Role of the forcing dimensionality in thin-layer turbulent energy cascades

We investigate the transition from forward to inverse energy cascade in turbulent flows in thin layers, varying the functional form of the forcing and the thickness of the layer. We show that, as the forcing function becomes more three dimensional, the inverse cascade is suppressed and the critical height $h_c$, where the transition occurs, is decreased. We study the dependence of this critical height on a parameter $r$ which measures the dimensionality of the forcing and thus construct a phase-space diagram in the parameter space $r-h$. We discuss the effect of Reynolds number and domain size.

Figure 1

Value of $r_{\epsilon }$ (the fraction of energy injected in the 3D flow) as a function of the parameter $r$ for different values of $h$, for the set of simulations L1Re2.

Figure 2

Flow visualization in terms of vorticity for three different values of $r$. The color scale is the same for the three subplots with red for positive vorticity and blue for negative vorticity.

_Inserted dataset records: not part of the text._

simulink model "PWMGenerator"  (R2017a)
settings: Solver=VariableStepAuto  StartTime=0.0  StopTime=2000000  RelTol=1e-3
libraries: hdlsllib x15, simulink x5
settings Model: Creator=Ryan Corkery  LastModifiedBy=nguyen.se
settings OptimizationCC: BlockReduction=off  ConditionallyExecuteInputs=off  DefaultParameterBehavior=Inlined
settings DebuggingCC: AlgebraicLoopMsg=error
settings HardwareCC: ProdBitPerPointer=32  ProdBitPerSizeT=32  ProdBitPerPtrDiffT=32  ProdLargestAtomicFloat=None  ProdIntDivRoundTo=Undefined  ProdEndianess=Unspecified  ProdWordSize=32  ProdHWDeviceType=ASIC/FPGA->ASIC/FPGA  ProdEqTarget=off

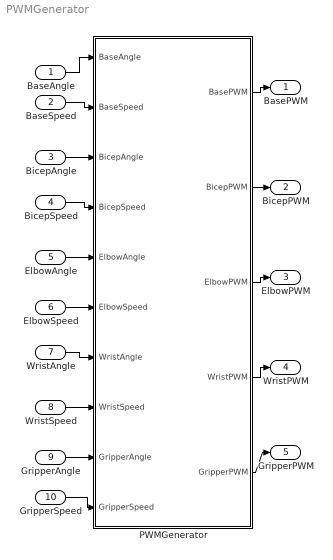
== system PWMGenerator ==
  BaseAngle : Inport  OutDataTypeStr=uint8
  BaseSpeed : Inport  Port=2  OutDataTypeStr=uint8
  BicepAngle : Inport  Port=3  OutDataTypeStr=uint8
  BicepSpeed : Inport  Port=4  OutDataTypeStr=uint8
  ElbowAngle : Inport  Port=5  OutDataTypeStr=uint8
  ElbowSpeed : Inport  Port=6  OutDataTypeStr=uint8
  WristAngle : Inport  Port=7  OutDataTypeStr=uint8
  WristSpeed : Inport  Port=8  OutDataTypeStr=uint8
  GripperAngle : Inport  Port=9  OutDataTypeStr=uint8
  GripperSpeed : Inport  Port=10  OutDataTypeStr=uint8
  PWMGenerator : Subsystem
  BasePWM : Outport  OutDataTypeStr=boolean
  BicepPWM : Outport  Port=2  OutDataTypeStr=boolean
  ElbowPWM : Outport  Port=3  OutDataTypeStr=boolean
  WristPWM : Outport  Port=4  OutDataTypeStr=boolean
  GripperPWM : Outport  Port=5  OutDataTypeStr=boolean
  wires:
  BaseAngle/1 -> PWMGenerator/1(BaseAngle)
  BaseSpeed/1 -> PWMGenerator/2(BaseSpeed)
  BicepAngle/1 -> PWMGenerator/3(BicepAngle)
  BicepSpeed/1 -> PWMGenerator/4(BicepSpeed)
  ElbowAngle/1 -> PWMGenerator/5(ElbowAngle)
  ElbowSpeed/1 -> PWMGenerator/6(ElbowSpeed)
  WristAngle/1 -> PWMGenerator/7(WristAngle)
  WristSpeed/1 -> PWMGenerator/8(WristSpeed)
  GripperAngle/1 -> PWMGenerator/9(GripperAngle)
  GripperSpeed/1 -> PWMGenerator/10(GripperSpeed)
  PWMGenerator/1(BasePWM) -> BasePWM/1
  PWMGenerator/2(BicepPWM) -> BicepPWM/1
  PWMGenerator/3(ElbowPWM) -> ElbowPWM/1
  PWMGenerator/4(WristPWM) -> WristPWM/1
  PWMGenerator/5(GripperPWM) -> GripperPWM/1

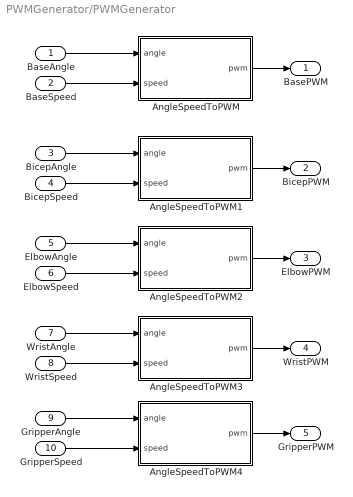
== system PWMGenerator/PWMGenerator ==
  BaseAngle : Inport  OutDataTypeStr=uint8
  BaseSpeed : Inport  Port=2  OutDataTypeStr=uint8
  BicepAngle : Inport  Port=3  OutDataTypeStr=uint8
  BicepSpeed : Inport  Port=4  OutDataTypeStr=uint8
  ElbowAngle : Inport  Port=5  OutDataTypeStr=uint8
  ElbowSpeed : Inport  Port=6  OutDataTypeStr=uint8
  WristAngle : Inport  Port=7  OutDataTypeStr=uint8
  WristSpeed : Inport  Port=8  OutDataTypeStr=uint8
  GripperAngle : Inport  Port=9  OutDataTypeStr=uint8
  GripperSpeed : Inport  Port=10  OutDataTypeStr=uint8
  AngleSpeedToPWM : Subsystem
  AngleSpeedToPWM1 : Subsystem
  AngleSpeedToPWM2 : Subsystem
  AngleSpeedToPWM3 : Subsystem
  AngleSpeedToPWM4 : Subsystem
  BasePWM : Outport  OutDataTypeStr=boolean
  BicepPWM : Outport  Port=2  OutDataTypeStr=boolean
  ElbowPWM : Outport  Port=3  OutDataTypeStr=boolean
  WristPWM : Outport  Port=4  OutDataTypeStr=boolean
  GripperPWM : Outport  Port=5  OutDataTypeStr=boolean
  wires:
  WristAngle/1 -> AngleSpeedToPWM3/1(angle)
  BaseAngle/1 -> AngleSpeedToPWM/1(angle)
  GripperSpeed/1 -> AngleSpeedToPWM4/2("speed ")
  WristSpeed/1 -> AngleSpeedToPWM3/2("speed ")
  GripperAngle/1 -> AngleSpeedToPWM4/1(angle)
  ElbowSpeed/1 -> AngleSpeedToPWM2/2("speed ")
  AngleSpeedToPWM/1(pwm) -> BasePWM/1
  AngleSpeedToPWM1/1(pwm) -> BicepPWM/1
  AngleSpeedToPWM2/1(pwm) -> ElbowPWM/1
  AngleSpeedToPWM3/1(pwm) -> WristPWM/1
  AngleSpeedToPWM4/1(pwm) -> GripperPWM/1
  BicepAngle/1 -> AngleSpeedToPWM1/1(angle)
  ElbowAngle/1 -> AngleSpeedToPWM2/1(angle)
  BicepSpeed/1 -> AngleSpeedToPWM1/2("speed ")
  BaseSpeed/1 -> AngleSpeedToPWM/2("speed ")

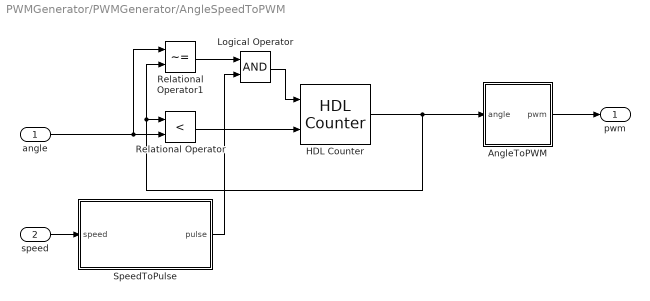
== system PWMGenerator/PWMGenerator/AngleSpeedToPWM ==
  angle : Inport  OutDataTypeStr=uint8
  "speed " : Inport  Port=2  OutDataTypeStr=uint8
  AngleToPWM : Subsystem
  HDL Counter : hdlsllib/HDL Operations/HDL Counter  CountType=Count limited  CountInit=90  CountStep=1  CountMax=180  CountFromType=Specify  CountFrom=0  CountResetPort=off  CountLoadPort=off  CountEnbPort=on  CountDirPort=on  CountDataType=Unsigned  CountWordLen=8  CountFracLen=0  CountSampTime=1
      settings: SourceProductName=HDL Coder  SourceProductBaseCode=HD
  Logical Operator : Logic  AllPortsSameDT=off  OutDataTypeStr=boolean
  Relational Operator : RelationalOperator  Operator=<  OutDataTypeStr=boolean  RndMeth=Simplest
  Relational Operator1 : RelationalOperator  Operator=~=  OutDataTypeStr=boolean  RndMeth=Simplest
  SpeedToPulse : Subsystem
  pwm : Outport  OutDataTypeStr=boolean
  wires:
  Relational Operator1/1 -> Logical Operator/1
  AngleToPWM/1(pwm) -> pwm/1
  HDL Counter/1 -> AngleToPWM/1("angle "), Relational Operator1/2, Relational Operator/1
  SpeedToPulse/1(pulse) -> Logical Operator/2
  Relational Operator/1 -> HDL Counter/2
  angle/1 -> Relational Operator1/1, Relational Operator/2
  Logical Operator/1 -> HDL Counter/1
  "speed "/1 -> SpeedToPulse/1(speed)

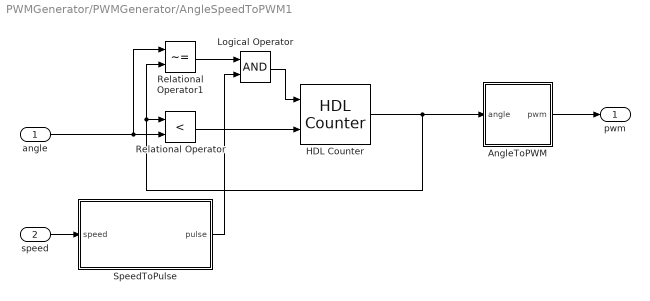
== system PWMGenerator/PWMGenerator/AngleSpeedToPWM1 ==
  angle : Inport  OutDataTypeStr=uint8
  "speed " : Inport  Port=2  OutDataTypeStr=uint8
  AngleToPWM : Subsystem
  HDL Counter : hdlsllib/HDL Operations/HDL Counter  CountType=Count limited  CountInit=90  CountStep=1  CountMax=180  CountFromType=Specify  CountFrom=0  CountResetPort=off  CountLoadPort=off  CountEnbPort=on  CountDirPort=on  CountDataType=Unsigned  CountWordLen=8  CountFracLen=0  CountSampTime=1
      settings: SourceProductName=HDL Coder  SourceProductBaseCode=HD
  Logical Operator : Logic  AllPortsSameDT=off  OutDataTypeStr=boolean
  Relational Operator : RelationalOperator  Operator=<  OutDataTypeStr=boolean  RndMeth=Simplest
  Relational Operator1 : RelationalOperator  Operator=~=  OutDataTypeStr=boolean  RndMeth=Simplest
  SpeedToPulse : Subsystem
  pwm : Outport  OutDataTypeStr=boolean
  wires:
  Relational Operator1/1 -> Logical Operator/1
  AngleToPWM/1(pwm) -> pwm/1
  HDL Counter/1 -> AngleToPWM/1("angle "), Relational Operator1/2, Relational Operator/1
  SpeedToPulse/1(pulse) -> Logical Operator/2
  Relational Operator/1 -> HDL Counter/2
  angle/1 -> Relational Operator1/1, Relational Operator/2
  Logical Operator/1 -> HDL Counter/1
  "speed "/1 -> SpeedToPulse/1(speed)

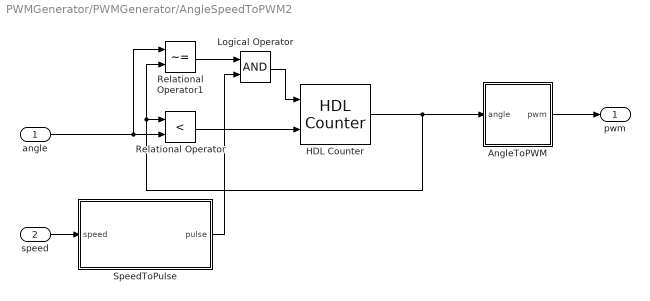
== system PWMGenerator/PWMGenerator/AngleSpeedToPWM2 ==
  angle : Inport  OutDataTypeStr=uint8
  "speed " : Inport  Port=2  OutDataTypeStr=uint8
  AngleToPWM : Subsystem
  HDL Counter : hdlsllib/HDL Operations/HDL Counter  CountType=Count limited  CountInit=90  CountStep=1  CountMax=180  CountFromType=Specify  CountFrom=0  CountResetPort=off  CountLoadPort=off  CountEnbPort=on  CountDirPort=on  CountDataType=Unsigned  CountWordLen=8  CountFracLen=0  CountSampTime=1
      settings: SourceProductName=HDL Coder  SourceProductBaseCode=HD
  Logical Operator : Logic  AllPortsSameDT=off  OutDataTypeStr=boolean
  Relational Operator : RelationalOperator  Operator=<  OutDataTypeStr=boolean  RndMeth=Simplest
  Relational Operator1 : RelationalOperator  Operator=~=  OutDataTypeStr=boolean  RndMeth=Simplest
  SpeedToPulse : Subsystem
  pwm : Outport  OutDataTypeStr=boolean
  wires:
  Relational Operator1/1 -> Logical Operator/1
  AngleToPWM/1(pwm) -> pwm/1
  HDL Counter/1 -> AngleToPWM/1("angle "), Relational Operator1/2, Relational Operator/1
  SpeedToPulse/1(pulse) -> Logical Operator/2
  Relational Operator/1 -> HDL Counter/2
  angle/1 -> Relational Operator1/1, Relational Operator/2
  Logical Operator/1 -> HDL Counter/1
  "speed "/1 -> SpeedToPulse/1(speed)

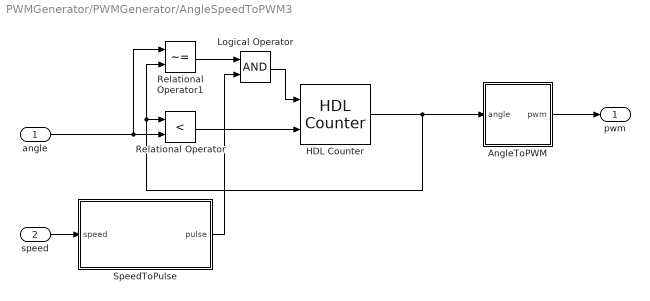
== system PWMGenerator/PWMGenerator/AngleSpeedToPWM3 ==
  angle : Inport  OutDataTypeStr=uint8
  "speed " : Inport  Port=2  OutDataTypeStr=uint8
  AngleToPWM : Subsystem
  HDL Counter : hdlsllib/HDL Operations/HDL Counter  CountType=Count limited  CountInit=90  CountStep=1  CountMax=180  CountFromType=Specify  CountFrom=0  CountResetPort=off  CountLoadPort=off  CountEnbPort=on  CountDirPort=on  CountDataType=Unsigned  CountWordLen=8  CountFracLen=0  CountSampTime=1
      settings: SourceProductName=HDL Coder  SourceProductBaseCode=HD
  Logical Operator : Logic  AllPortsSameDT=off  OutDataTypeStr=boolean
  Relational Operator : RelationalOperator  Operator=<  OutDataTypeStr=boolean  RndMeth=Simplest
  Relational Operator1 : RelationalOperator  Operator=~=  OutDataTypeStr=boolean  RndMeth=Simplest
  SpeedToPulse : Subsystem
  pwm : Outport  OutDataTypeStr=boolean
  wires:
  Relational Operator1/1 -> Logical Operator/1
  AngleToPWM/1(pwm) -> pwm/1
  HDL Counter/1 -> AngleToPWM/1("angle "), Relational Operator1/2, Relational Operator/1
  SpeedToPulse/1(pulse) -> Logical Operator/2
  Relational Operator/1 -> HDL Counter/2
  angle/1 -> Relational Operator1/1, Relational Operator/2
  Logical Operator/1 -> HDL Counter/1
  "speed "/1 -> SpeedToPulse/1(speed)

The simulations were done with $h=1/8$, for the set of simulations L1Re2.

Figure 3

(a)–(c) Instantaneous energy spectra for different values of $r$, and for $h=1/8$, after quasiequilibrium has been reached. Thin straight lines show scalings of $k^{-5/3}$ or $k^2$ as indicated in the annotations. The set of simulations is L2Re2 for the left-hand and center panels, and L1Re3 for the right-hand panels. The dotted vertical line indicates $k=1/H$. (d)–(f) Spectral energy fluxes for the same simulations, averaged over the quasiequilibrium state. Fluxes are normalized by the energy injection rate ${\epsilon }_{\mathrm{inj}}$.

Figure 4

Strength of the inverse cascade for different values of $r$ and $h$, shown as a function of $h$ [panel (a)] and $r$ [panel (b)]. Also shown in panel (b) are the same values as a function of $r_{\epsilon }$ (dashed lines). All these values correspond to the set of simulations L2Re1. Thin dashed lines in panel (a) show how the extrapolation is made for an estimate of the critical value.

Figure 5

Schematic of the regions in $r-h$ space where an inverse cascade occurs or not. The dots show the critical values estimated from this study, and the line is a hypothesis for the shape of the diagram limit.

Figure 6

Strength of the inverse cascade for different values of $h$, shown as a function of $h$. Different line styles correspond to different sets of simulations, as indicated in the legends. All the simulations were done with the parameter $r=0.5$. (a) Behavior in the large-box limit. (b) Behavior in the low-viscosity limit.